What is expected » What lines of the data below hold the string "surface"? Copy each one.

(Provided records Opens)

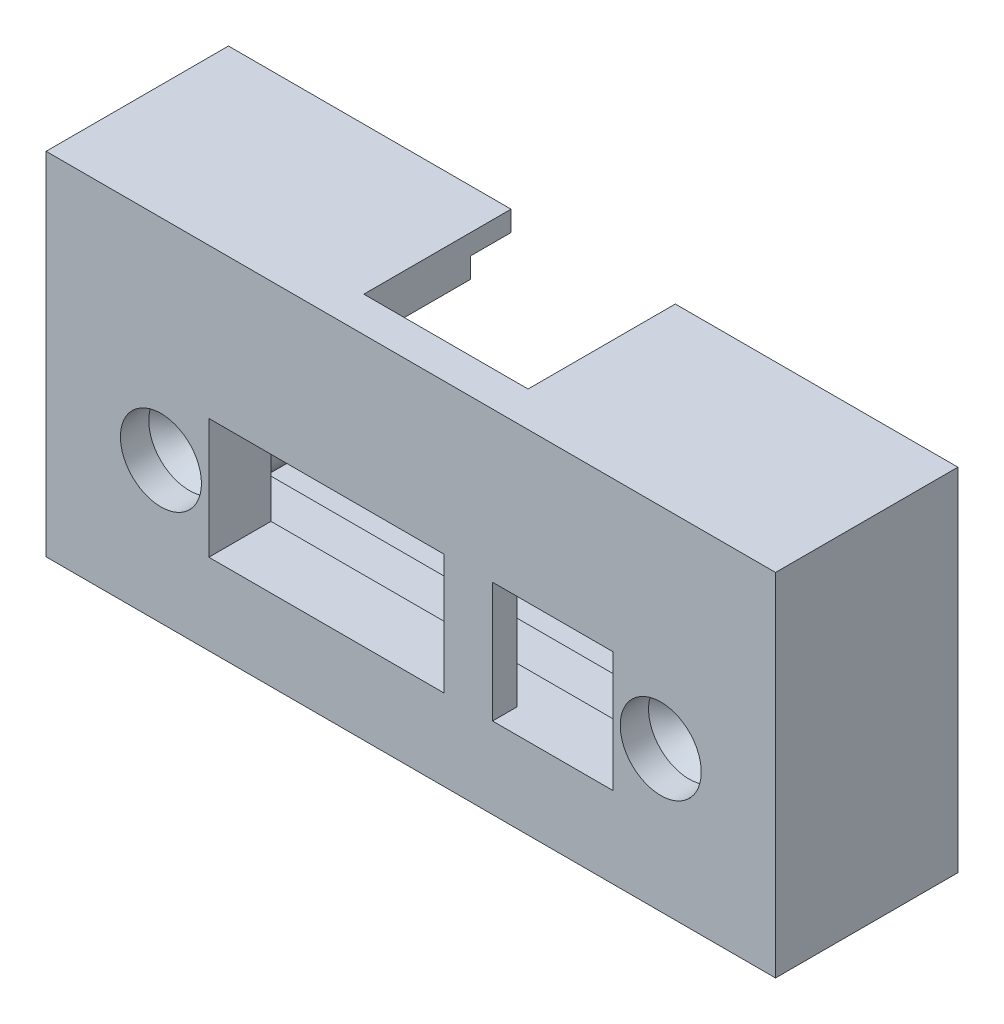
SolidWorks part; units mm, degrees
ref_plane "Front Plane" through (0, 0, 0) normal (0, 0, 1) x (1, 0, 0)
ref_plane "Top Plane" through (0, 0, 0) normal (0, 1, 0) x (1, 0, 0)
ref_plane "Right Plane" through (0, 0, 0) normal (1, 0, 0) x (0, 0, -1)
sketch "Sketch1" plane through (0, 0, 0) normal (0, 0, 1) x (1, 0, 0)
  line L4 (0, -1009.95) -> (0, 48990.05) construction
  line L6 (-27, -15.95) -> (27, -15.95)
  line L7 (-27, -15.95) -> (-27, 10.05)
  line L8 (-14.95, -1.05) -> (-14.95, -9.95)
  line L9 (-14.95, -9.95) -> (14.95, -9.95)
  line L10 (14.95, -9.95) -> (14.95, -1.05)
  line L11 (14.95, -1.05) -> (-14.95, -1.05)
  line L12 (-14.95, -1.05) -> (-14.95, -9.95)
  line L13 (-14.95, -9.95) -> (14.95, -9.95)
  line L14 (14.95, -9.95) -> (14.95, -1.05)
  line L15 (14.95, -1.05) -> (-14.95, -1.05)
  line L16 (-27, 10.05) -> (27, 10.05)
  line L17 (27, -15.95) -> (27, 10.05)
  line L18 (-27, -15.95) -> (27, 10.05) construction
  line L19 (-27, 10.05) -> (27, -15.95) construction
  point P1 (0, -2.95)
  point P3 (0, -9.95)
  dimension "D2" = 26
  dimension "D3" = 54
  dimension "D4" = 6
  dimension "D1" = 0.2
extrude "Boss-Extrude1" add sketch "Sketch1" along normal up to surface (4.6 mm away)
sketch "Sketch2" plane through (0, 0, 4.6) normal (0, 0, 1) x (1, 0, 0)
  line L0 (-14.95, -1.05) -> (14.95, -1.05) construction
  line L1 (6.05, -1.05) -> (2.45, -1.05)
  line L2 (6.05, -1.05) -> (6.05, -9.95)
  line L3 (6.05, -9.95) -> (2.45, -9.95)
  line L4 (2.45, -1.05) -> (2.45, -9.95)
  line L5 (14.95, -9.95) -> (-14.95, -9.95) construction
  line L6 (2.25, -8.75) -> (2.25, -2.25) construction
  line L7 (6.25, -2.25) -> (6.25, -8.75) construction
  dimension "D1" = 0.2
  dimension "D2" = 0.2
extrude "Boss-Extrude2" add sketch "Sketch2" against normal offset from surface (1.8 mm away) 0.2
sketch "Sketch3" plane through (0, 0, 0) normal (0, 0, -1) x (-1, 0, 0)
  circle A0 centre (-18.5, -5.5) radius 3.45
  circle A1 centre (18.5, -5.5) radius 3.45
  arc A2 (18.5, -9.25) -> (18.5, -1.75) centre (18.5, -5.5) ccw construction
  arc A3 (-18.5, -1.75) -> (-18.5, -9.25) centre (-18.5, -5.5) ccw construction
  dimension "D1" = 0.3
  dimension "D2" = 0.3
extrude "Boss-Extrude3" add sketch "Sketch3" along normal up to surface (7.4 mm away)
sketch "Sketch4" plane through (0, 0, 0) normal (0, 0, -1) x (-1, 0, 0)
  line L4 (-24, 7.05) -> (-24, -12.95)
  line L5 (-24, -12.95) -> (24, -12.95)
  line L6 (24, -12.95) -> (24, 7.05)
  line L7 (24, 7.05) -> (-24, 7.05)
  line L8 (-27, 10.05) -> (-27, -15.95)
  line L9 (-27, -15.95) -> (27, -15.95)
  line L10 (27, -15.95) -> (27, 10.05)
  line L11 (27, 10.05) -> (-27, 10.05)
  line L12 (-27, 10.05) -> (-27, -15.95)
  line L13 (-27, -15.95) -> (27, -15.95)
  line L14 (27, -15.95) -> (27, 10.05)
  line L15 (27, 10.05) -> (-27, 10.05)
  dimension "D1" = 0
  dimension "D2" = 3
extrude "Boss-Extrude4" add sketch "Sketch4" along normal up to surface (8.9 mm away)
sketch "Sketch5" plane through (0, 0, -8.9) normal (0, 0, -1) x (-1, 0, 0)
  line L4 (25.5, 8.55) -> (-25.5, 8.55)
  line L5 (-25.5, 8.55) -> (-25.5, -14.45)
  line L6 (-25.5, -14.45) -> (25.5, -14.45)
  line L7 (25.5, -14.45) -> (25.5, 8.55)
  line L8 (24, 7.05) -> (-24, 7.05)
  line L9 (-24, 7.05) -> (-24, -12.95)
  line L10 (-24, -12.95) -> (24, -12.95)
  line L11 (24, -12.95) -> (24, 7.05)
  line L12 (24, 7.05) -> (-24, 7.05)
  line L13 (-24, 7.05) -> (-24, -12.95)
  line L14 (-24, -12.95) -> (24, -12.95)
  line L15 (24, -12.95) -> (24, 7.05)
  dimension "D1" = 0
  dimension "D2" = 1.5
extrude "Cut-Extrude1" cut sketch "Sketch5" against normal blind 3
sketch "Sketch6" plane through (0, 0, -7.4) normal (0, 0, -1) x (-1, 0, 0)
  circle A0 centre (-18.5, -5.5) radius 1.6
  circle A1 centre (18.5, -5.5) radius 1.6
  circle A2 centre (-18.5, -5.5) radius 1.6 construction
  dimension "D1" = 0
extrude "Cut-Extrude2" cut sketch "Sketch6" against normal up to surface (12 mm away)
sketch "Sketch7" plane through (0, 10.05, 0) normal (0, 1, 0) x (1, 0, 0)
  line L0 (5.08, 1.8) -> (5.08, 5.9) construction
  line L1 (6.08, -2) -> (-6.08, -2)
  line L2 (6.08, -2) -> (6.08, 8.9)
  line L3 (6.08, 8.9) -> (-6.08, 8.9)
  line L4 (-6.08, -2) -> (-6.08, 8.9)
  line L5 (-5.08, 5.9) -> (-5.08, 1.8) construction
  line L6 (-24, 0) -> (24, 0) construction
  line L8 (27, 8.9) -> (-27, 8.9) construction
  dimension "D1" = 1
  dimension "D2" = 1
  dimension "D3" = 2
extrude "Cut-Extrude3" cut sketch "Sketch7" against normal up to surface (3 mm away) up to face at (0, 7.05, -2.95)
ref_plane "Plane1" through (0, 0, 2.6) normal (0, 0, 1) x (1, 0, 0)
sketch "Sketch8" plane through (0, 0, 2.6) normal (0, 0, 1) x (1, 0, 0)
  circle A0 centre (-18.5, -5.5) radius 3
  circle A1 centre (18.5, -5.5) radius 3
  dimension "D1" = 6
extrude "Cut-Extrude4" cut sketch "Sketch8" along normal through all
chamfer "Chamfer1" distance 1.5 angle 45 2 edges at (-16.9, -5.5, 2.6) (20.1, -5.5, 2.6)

(Provided records Closes)

Solution for this exercise »
extrude "Boss-Extrude1" add sketch "Sketch1" along normal up to surface (4.6 mm away)
extrude "Boss-Extrude2" add sketch "Sketch2" against normal offset from surface (1.8 mm away) 0.2
extrude "Boss-Extrude3" add sketch "Sketch3" along normal up to surface (7.4 mm away)
extrude "Boss-Extrude4" add sketch "Sketch4" along normal up to surface (8.9 mm away)
extrude "Cut-Extrude2" cut sketch "Sketch6" against normal up to surface (12 mm away)
extrude "Cut-Extrude3" cut sketch "Sketch7" against normal up to surface (3 mm away) up to face at (0, 7.05, -2.95)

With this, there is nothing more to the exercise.